Why Classical QA Breaks When AI Agents Act Autonomously
Every quality engineering practice in regulated financial services was built on a shared assumption: given the same input, the system will produce the same output. That assumption underlies test case design, regression suites, pass/fail thresholds, and the audit trails that satisfy model-risk reviewers. It is a reasonable assumption for a rules engine, a batch settlement process, or a deterministic underwriting scorecard. It is the wrong assumption for an AI agent.
An AI agent does not execute a fixed instruction set. It reasons across a sequence of steps, selects tools, calls external APIs, forms intermediate conclusions, and then acts — sometimes all within a single user interaction. The path it takes between receiving a prompt and producing an outcome is not predetermined. It varies with context, with the state of connected systems, with the phrasing of prior turns, and occasionally with factors that neither the developer nor the tester anticipated. This is not a bug in the agent design. It is the architectural point of AI agents. And it is precisely why a test suite that validates outputs at the boundary of the system tells you almost nothing about what the agent actually did.
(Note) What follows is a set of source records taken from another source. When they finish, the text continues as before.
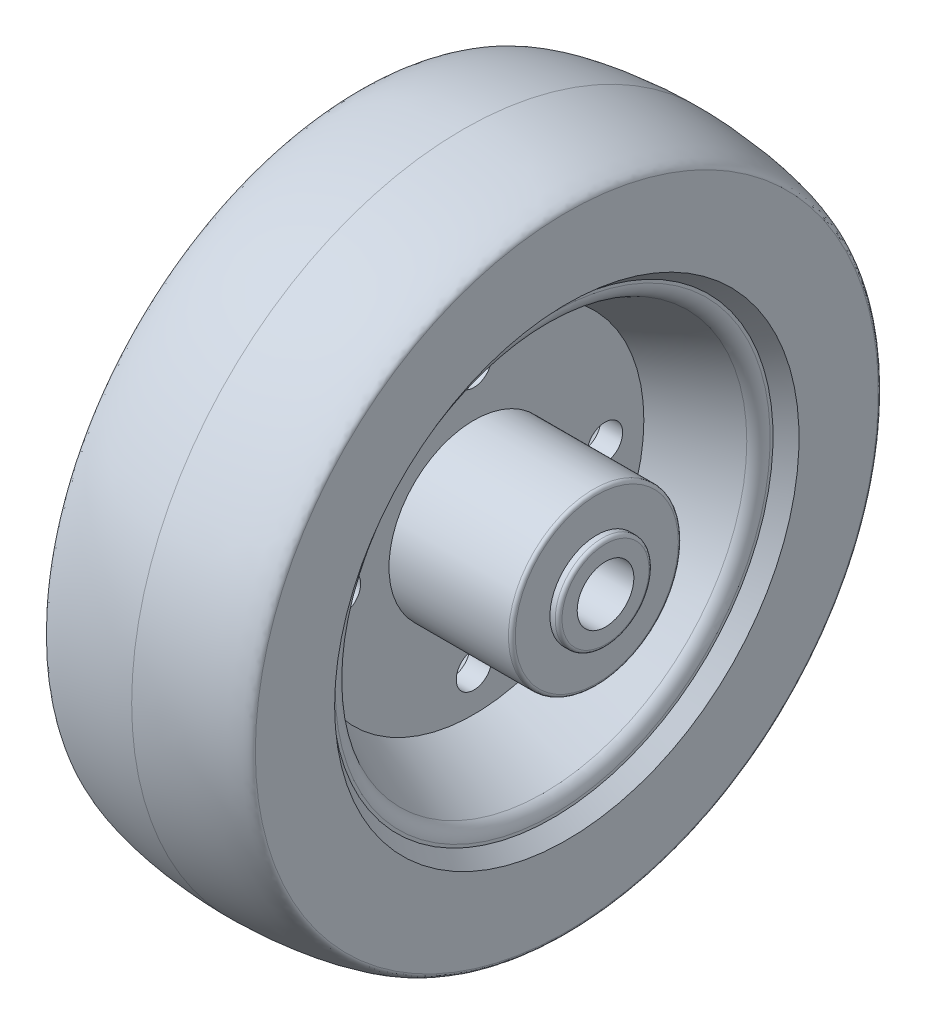
ISO-10303-21;
HEADER;
FILE_DESCRIPTION(('STEP AP214'),'2;1');
FILE_NAME('part.step','',(''),(''),'','','');
FILE_SCHEMA(('AUTOMOTIVE_DESIGN { 1 0 10303 214 1 1 1 1 }'));
ENDSEC;
DATA;
#1=APPLICATION_CONTEXT('core data for automotive mechanical design processes');
#2=APPLICATION_PROTOCOL_DEFINITION('international standard','automotive_design',2000,#1);
#3=PRODUCT_CONTEXT('',#1,'mechanical');
#4=PRODUCT('Part','Part','',(#3));
#5=PRODUCT_RELATED_PRODUCT_CATEGORY('part','',(#4));
#6=PRODUCT_DEFINITION_FORMATION('','',#4);
#7=PRODUCT_DEFINITION_CONTEXT('part definition',#1,'design');
#8=PRODUCT_DEFINITION('design','',#6,#7);
#9=PRODUCT_DEFINITION_SHAPE('','',#8);
#10=(LENGTH_UNIT() NAMED_UNIT(*) SI_UNIT(.MILLI.,.METRE.));
#11=(NAMED_UNIT(*) PLANE_ANGLE_UNIT() SI_UNIT($,.RADIAN.));
#12=(NAMED_UNIT(*) SI_UNIT($,.STERADIAN.) SOLID_ANGLE_UNIT());
#13=UNCERTAINTY_MEASURE_WITH_UNIT(LENGTH_MEASURE(1.E-05),#10,'distance_accuracy_value','');
#14=(GEOMETRIC_REPRESENTATION_CONTEXT(3) GLOBAL_UNCERTAINTY_ASSIGNED_CONTEXT((#13)) GLOBAL_UNIT_ASSIGNED_CONTEXT((#10,
#11,#12)) REPRESENTATION_CONTEXT('',''));
#15=CARTESIAN_POINT('',(0.,0.,0.));
#16=DIRECTION('',(0.,0.,1.));
#17=DIRECTION('',(1.,0.,0.));
#18=AXIS2_PLACEMENT_3D('',#15,#16,#17);
#19=CARTESIAN_POINT('',(29.9974,0.,0.));
#20=DIRECTION('',(1.,0.,0.));
#21=DIRECTION('',(0.,0.,-1.));
#22=AXIS2_PLACEMENT_3D('',#19,#20,#21);
#23=PLANE('',#22);
#24=CARTESIAN_POINT('',(29.9974,0.,0.));
#25=DIRECTION('',(1.,0.,0.));
#26=DIRECTION('',(0.,0.,-1.));
#27=AXIS2_PLACEMENT_3D('',#24,#25,#26);
#28=CIRCLE('',#27,18.288);
#29=CARTESIAN_POINT('',(29.9974,0.,-18.288));
#30=VERTEX_POINT('',#29);
#31=EDGE_CURVE('E245',#30,#30,#28,.T.);
#32=ORIENTED_EDGE('',*,*,#31,.T.);
#33=EDGE_LOOP('',(#32));
#34=FACE_BOUND('',#33,.T.);
#35=CARTESIAN_POINT('',(29.9974,0.,0.));
#36=DIRECTION('',(1.,0.,0.));
#37=DIRECTION('',(0.,0.,-1.));
#38=AXIS2_PLACEMENT_3D('',#35,#36,#37);
#39=CIRCLE('',#38,10.5156);
#40=CARTESIAN_POINT('',(29.9974,0.,-10.5156));
#41=VERTEX_POINT('',#40);
#42=EDGE_CURVE('E76',#41,#41,#39,.T.);
#43=ORIENTED_EDGE('',*,*,#42,.F.);
#44=EDGE_LOOP('',(#43));
#45=FACE_BOUND('',#44,.T.);
#46=ADVANCED_FACE('F31',(#34,#45),#23,.T.);
#47=CARTESIAN_POINT('',(2.4511,0.,0.));
#48=DIRECTION('',(1.,0.,0.));
#49=DIRECTION('',(0.,0.,-1.));
#50=AXIS2_PLACEMENT_3D('',#47,#48,#49);
#51=PLANE('',#50);
#52=CARTESIAN_POINT('',(2.4511,-4.1017958477087E-13,29.3687499999996));
#53=DIRECTION('',(1.,0.,0.));
#54=DIRECTION('',(0.,0.,-1.));
#55=AXIS2_PLACEMENT_3D('',#52,#53,#54);
#56=CIRCLE('',#55,3.96875);
#57=CARTESIAN_POINT('',(2.4511,-4.1017958477087E-13,25.3999999999996));
#58=VERTEX_POINT('',#57);
#59=EDGE_CURVE('E68',#58,#58,#56,.T.);
#60=ORIENTED_EDGE('',*,*,#59,.F.);
#61=EDGE_LOOP('',(#60));
#62=FACE_BOUND('',#61,.T.);
#63=CARTESIAN_POINT('',(2.4511,-29.36875,-8.27552438678232E-13));
#64=DIRECTION('',(1.,0.,0.));
#65=DIRECTION('',(0.,0.,-1.));
#66=AXIS2_PLACEMENT_3D('',#63,#64,#65);
#67=CIRCLE('',#66,3.96875);
#68=CARTESIAN_POINT('',(2.4511,-29.36875,-3.96875000000083));
#69=VERTEX_POINT('',#68);
#70=EDGE_CURVE('E58',#69,#69,#67,.T.);
#71=ORIENTED_EDGE('',*,*,#70,.F.);
#72=EDGE_LOOP('',(#71));
#73=FACE_BOUND('',#72,.T.);
#74=CARTESIAN_POINT('',(2.4511,4.13776219339116E-13,-29.3687500000004));
#75=DIRECTION('',(1.,0.,0.));
#76=DIRECTION('',(0.,0.,-1.));
#77=AXIS2_PLACEMENT_3D('',#74,#75,#76);
#78=CIRCLE('',#77,3.96874999999999);
#79=CARTESIAN_POINT('',(2.4511,4.13776219339116E-13,-33.3375000000004));
#80=VERTEX_POINT('',#79);
#81=EDGE_CURVE('E55',#80,#80,#78,.T.);
#82=ORIENTED_EDGE('',*,*,#81,.F.);
#83=EDGE_LOOP('',(#82));
#84=FACE_BOUND('',#83,.T.);
#85=CARTESIAN_POINT('',(2.4511,29.36875,0.));
#86=DIRECTION('',(1.,0.,0.));
#87=DIRECTION('',(0.,0.,-1.));
#88=AXIS2_PLACEMENT_3D('',#85,#86,#87);
#89=CIRCLE('',#88,3.96875);
#90=CARTESIAN_POINT('',(2.4511,29.36875,-3.96875));
#91=VERTEX_POINT('',#90);
#92=EDGE_CURVE('E52',#91,#91,#89,.T.);
#93=ORIENTED_EDGE('',*,*,#92,.F.);
#94=EDGE_LOOP('',(#93));
#95=FACE_BOUND('',#94,.T.);
#96=CARTESIAN_POINT('',(2.45110000000004,0.,0.));
#97=DIRECTION('',(-1.,0.,0.));
#98=DIRECTION('',(0.,0.,1.));
#99=AXIS2_PLACEMENT_3D('',#96,#97,#98);
#100=CIRCLE('',#99,38.1);
#101=CARTESIAN_POINT('',(2.45110000000004,0.,38.1));
#102=VERTEX_POINT('',#101);
#103=EDGE_CURVE('E99',#102,#102,#100,.T.);
#104=ORIENTED_EDGE('',*,*,#103,.F.);
#105=EDGE_LOOP('',(#104));
#106=FACE_BOUND('',#105,.T.);
#107=CARTESIAN_POINT('',(2.4511,0.,0.));
#108=DIRECTION('',(1.,0.,0.));
#109=DIRECTION('',(0.,0.,-1.));
#110=AXIS2_PLACEMENT_3D('',#107,#108,#109);
#111=CIRCLE('',#110,19.05);
#112=CARTESIAN_POINT('',(2.4511,0.,-19.05));
#113=VERTEX_POINT('',#112);
#114=EDGE_CURVE('E81',#113,#113,#111,.T.);
#115=ORIENTED_EDGE('',*,*,#114,.F.);
#116=EDGE_LOOP('',(#115));
#117=FACE_BOUND('',#116,.T.);
#118=ADVANCED_FACE('F142',(#62,#73,#84,#95,#106,#117),#51,.T.);
#119=CARTESIAN_POINT('',(-23.2791,0.,0.));
#120=DIRECTION('',(1.,0.,0.));
#121=DIRECTION('',(0.,0.,-1.));
#122=AXIS2_PLACEMENT_3D('',#119,#120,#121);
#123=PLANE('',#122);
#124=CARTESIAN_POINT('',(-23.2791,0.,0.));
#125=DIRECTION('',(-1.,0.,0.));
#126=DIRECTION('',(0.,0.,1.));
#127=AXIS2_PLACEMENT_3D('',#124,#125,#126);
#128=CIRCLE('',#127,69.85);
#129=CARTESIAN_POINT('',(-23.2791,0.,69.85));
#130=VERTEX_POINT('',#129);
#131=EDGE_CURVE('E234',#130,#130,#128,.T.);
#132=ORIENTED_EDGE('',*,*,#131,.T.);
#133=EDGE_LOOP('',(#132));
#134=FACE_BOUND('',#133,.T.);
#135=CARTESIAN_POINT('',(-23.2791000000001,0.,0.));
#136=DIRECTION('',(-1.,0.,0.));
#137=DIRECTION('',(0.,0.,1.));
#138=AXIS2_PLACEMENT_3D('',#135,#136,#137);
#139=CIRCLE('',#138,52.07);
#140=CARTESIAN_POINT('',(-23.2791000000001,0.,52.07));
#141=VERTEX_POINT('',#140);
#142=EDGE_CURVE('E96',#141,#141,#139,.T.);
#143=ORIENTED_EDGE('',*,*,#142,.F.);
#144=EDGE_LOOP('',(#143));
#145=FACE_BOUND('',#144,.T.);
#146=ADVANCED_FACE('F139',(#134,#145),#123,.F.);
#147=CARTESIAN_POINT('',(23.2791,0.,0.));
#148=DIRECTION('',(-1.,0.,0.));
#149=DIRECTION('',(0.,0.,1.));
#150=AXIS2_PLACEMENT_3D('',#147,#148,#149);
#151=PLANE('',#150);
#152=CARTESIAN_POINT('',(23.2791,0.,0.));
#153=DIRECTION('',(-1.,0.,0.));
#154=DIRECTION('',(0.,0.,1.));
#155=AXIS2_PLACEMENT_3D('',#152,#153,#154);
#156=CIRCLE('',#155,69.85);
#157=CARTESIAN_POINT('',(23.2791,0.,69.85));
#158=VERTEX_POINT('',#157);
#159=EDGE_CURVE('E114',#158,#158,#156,.T.);
#160=ORIENTED_EDGE('',*,*,#159,.F.);
#161=EDGE_LOOP('',(#160));
#162=FACE_BOUND('',#161,.T.);
#163=CARTESIAN_POINT('',(23.2791000000001,0.,0.));
#164=DIRECTION('',(-1.,0.,0.));
#165=DIRECTION('',(0.,0.,1.));
#166=AXIS2_PLACEMENT_3D('',#163,#164,#165);
#167=CIRCLE('',#166,52.07);
#168=CARTESIAN_POINT('',(23.2791000000001,0.,52.07));
#169=VERTEX_POINT('',#168);
#170=EDGE_CURVE('E111',#169,#169,#167,.T.);
#171=ORIENTED_EDGE('',*,*,#170,.T.);
#172=EDGE_LOOP('',(#171));
#173=FACE_BOUND('',#172,.T.);
#174=ADVANCED_FACE('F134',(#162,#173),#151,.F.);
#175=CARTESIAN_POINT('',(0.,74.295,0.));
#176=CARTESIAN_POINT('',(-10.5362476671072,74.295,0.));
#177=CARTESIAN_POINT('',(-23.2791,72.0679653618574,0.));
#178=CARTESIAN_POINT('',(-23.2791,69.85,0.));
#179=B_SPLINE_CURVE_WITH_KNOTS('',3,(#175,#176,#177,#178),.UNSPECIFIED.,.F.,.F.,(4,4),(0.,1.),.UNSPECIFIED.);
#180=CARTESIAN_POINT('',(-23.2791,0.,0.));
#181=DIRECTION('',(-1.,0.,0.));
#182=AXIS1_PLACEMENT('',#180,#181);
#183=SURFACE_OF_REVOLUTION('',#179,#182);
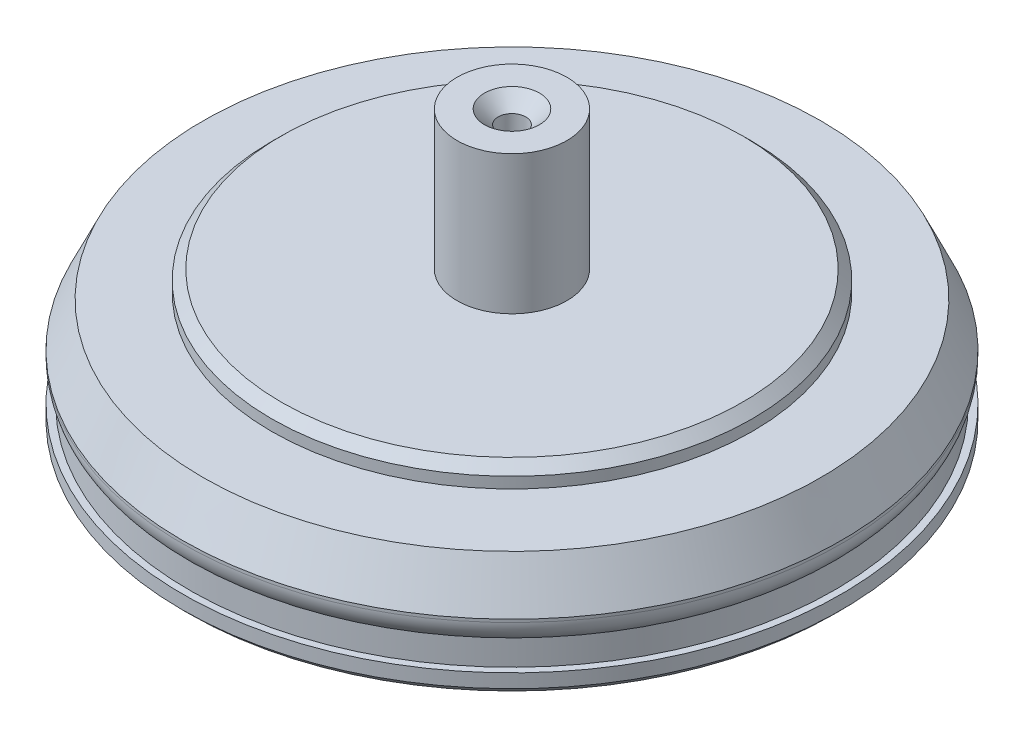
ISO-10303-21;
HEADER;
FILE_DESCRIPTION(('STEP AP214'),'2;1');
FILE_NAME('part.step','',(''),(''),'','','');
FILE_SCHEMA(('AUTOMOTIVE_DESIGN { 1 0 10303 214 1 1 1 1 }'));
ENDSEC;
DATA;
#1=APPLICATION_CONTEXT('core data for automotive mechanical design processes');
#2=APPLICATION_PROTOCOL_DEFINITION('international standard','automotive_design',2000,#1);
#3=PRODUCT_CONTEXT('',#1,'mechanical');
#4=PRODUCT('Part','Part','',(#3));
#5=PRODUCT_RELATED_PRODUCT_CATEGORY('part','',(#4));
#6=PRODUCT_DEFINITION_FORMATION('','',#4);
#7=PRODUCT_DEFINITION_CONTEXT('part definition',#1,'design');
#8=PRODUCT_DEFINITION('design','',#6,#7);
#9=PRODUCT_DEFINITION_SHAPE('','',#8);
#10=(LENGTH_UNIT() NAMED_UNIT(*) SI_UNIT(.MILLI.,.METRE.));
#11=(NAMED_UNIT(*) PLANE_ANGLE_UNIT() SI_UNIT($,.RADIAN.));
#12=(NAMED_UNIT(*) SI_UNIT($,.STERADIAN.) SOLID_ANGLE_UNIT());
#13=UNCERTAINTY_MEASURE_WITH_UNIT(LENGTH_MEASURE(1.E-05),#10,'distance_accuracy_value','');
#14=(GEOMETRIC_REPRESENTATION_CONTEXT(3) GLOBAL_UNCERTAINTY_ASSIGNED_CONTEXT((#13)) GLOBAL_UNIT_ASSIGNED_CONTEXT((#10,
#11,#12)) REPRESENTATION_CONTEXT('',''));
#15=CARTESIAN_POINT('',(0.,0.,0.));
#16=DIRECTION('',(0.,0.,1.));
#17=DIRECTION('',(1.,0.,0.));
#18=AXIS2_PLACEMENT_3D('',#15,#16,#17);
#19=CARTESIAN_POINT('',(0.,0.,0.));
#20=DIRECTION('',(0.,1.,0.));
#21=DIRECTION('',(0.,0.,1.));
#22=AXIS2_PLACEMENT_3D('',#19,#20,#21);
#23=CONICAL_SURFACE('',#22,20.7832396192357,1.13446401379631);
#24=CARTESIAN_POINT('',(0.,0.,0.));
#25=DIRECTION('',(0.,-1.,0.));
#26=DIRECTION('',(0.,0.,-1.));
#27=AXIS2_PLACEMENT_3D('',#24,#25,#26);
#28=CIRCLE('',#27,20.7832396192357);
#29=CARTESIAN_POINT('',(0.,0.,-20.7832396192357));
#30=VERTEX_POINT('',#29);
#31=EDGE_CURVE('E319',#30,#30,#28,.T.);
#32=ORIENTED_EDGE('',*,*,#31,.F.);
#33=EDGE_LOOP('',(#32));
#34=FACE_BOUND('',#33,.T.);
#35=CARTESIAN_POINT('',(0.,0.94043081021399,0.));
#36=DIRECTION('',(0.,1.,0.));
#37=DIRECTION('',(0.,0.,1.));
#38=AXIS2_PLACEMENT_3D('',#35,#36,#37);
#39=CIRCLE('',#38,22.8);
#40=CARTESIAN_POINT('',(-22.8,0.940430810213989,0.));
#41=VERTEX_POINT('',#40);
#42=CARTESIAN_POINT('',(-22.7132391164918,0.94043081021399,1.98715093464631));
#43=VERTEX_POINT('',#42);
#44=EDGE_CURVE('E58',#41,#43,#39,.F.);
#45=ORIENTED_EDGE('',*,*,#44,.T.);
#46=DIRECTION('',(0.902859012285173,-0.422618261740702,-0.0789899283371536));
#47=VECTOR('',#46,1.);
#48=CARTESIAN_POINT('',(0.,-9.69138379572007,0.));
#49=LINE('',#48,#47);
#50=CARTESIAN_POINT('',(-22.7583035013441,0.96152494754168,1.99109355744965));
#51=VERTEX_POINT('',#50);
#52=EDGE_CURVE('E124',#43,#51,#49,.F.);
#53=ORIENTED_EDGE('',*,*,#52,.T.);
#54=CARTESIAN_POINT('',(0.,0.961524947541681,0.));
#55=DIRECTION('',(0.,-1.,0.));
#56=DIRECTION('',(0.,0.,-1.));
#57=AXIS2_PLACEMENT_3D('',#54,#55,#56);
#58=CIRCLE('',#57,22.8452365234814);
#59=CARTESIAN_POINT('',(-22.8452365234814,0.961524947541681,0.));
#60=VERTEX_POINT('',#59);
#61=EDGE_CURVE('E331',#51,#60,#58,.T.);
#62=ORIENTED_EDGE('',*,*,#61,.T.);
#63=DIRECTION('',(0.906307787036649,-0.422618261740702,0.));
#64=VECTOR('',#63,1.);
#65=CARTESIAN_POINT('',(0.,-9.69138379572007,0.));
#66=LINE('',#65,#64);
#67=EDGE_CURVE('E63',#41,#60,#66,.F.);
#68=ORIENTED_EDGE('',*,*,#67,.F.);
#69=EDGE_LOOP('',(#45,#53,#62,#68));
#70=FACE_BOUND('',#69,.T.);
#71=ADVANCED_FACE('F42',(#34,#70),#23,.T.);
#72=CARTESIAN_POINT('',(0.,2.77414052161498,0.));
#73=DIRECTION('',(0.,-1.,0.));
#74=DIRECTION('',(0.,0.,-1.));
#75=AXIS2_PLACEMENT_3D('',#72,#73,#74);
#76=TOROIDAL_SURFACE('',#75,22.,2.);
#77=CARTESIAN_POINT('',(0.,2.77414052161498,0.));
#78=DIRECTION('',(0.,-1.,0.));
#79=DIRECTION('',(0.,0.,-1.));
#80=AXIS2_PLACEMENT_3D('',#77,#78,#79);
#81=CIRCLE('',#80,24.);
#82=CARTESIAN_POINT('',(0.,2.77414052161498,-24.));
#83=VERTEX_POINT('',#82);
#84=EDGE_CURVE('E328',#83,#83,#81,.F.);
#85=ORIENTED_EDGE('',*,*,#84,.F.);
#86=EDGE_LOOP('',(#85));
#87=FACE_BOUND('',#86,.T.);
#88=ORIENTED_EDGE('',*,*,#61,.F.);
#89=CARTESIAN_POINT('',(-21.9162833580184,2.77414052161498,1.91742634044819));
#90=DIRECTION('',(0.087155742747645,0.,0.996194698091747));
#91=DIRECTION('',(0.996194698091747,0.,-0.087155742747645));
#92=AXIS2_PLACEMENT_3D('',#89,#90,#91);
#93=CIRCLE('',#92,2.);
#94=CARTESIAN_POINT('',(-23.410575405156,1.45126486608267,2.04815995456966));
#95=VERTEX_POINT('',#94);
#96=EDGE_CURVE('E122',#51,#95,#93,.F.);
#97=ORIENTED_EDGE('',*,*,#96,.T.);
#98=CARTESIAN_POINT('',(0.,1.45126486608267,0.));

For a CTO or VP Engineering in BFSI or insurance, this creates an immediate accountability problem. Your delivery team may be reporting green builds and passing acceptance tests. Your model-risk function may be satisfied with output-layer sampling. But if the agent is making consequential intermediate decisions — retrieving customer records, interpreting policy clauses, escalating or suppressing a claim flag — none of those intermediate decisions are being tested in any meaningful sense. You have coverage on the last sentence the agent wrote. You have no coverage on the reasoning chain that produced it.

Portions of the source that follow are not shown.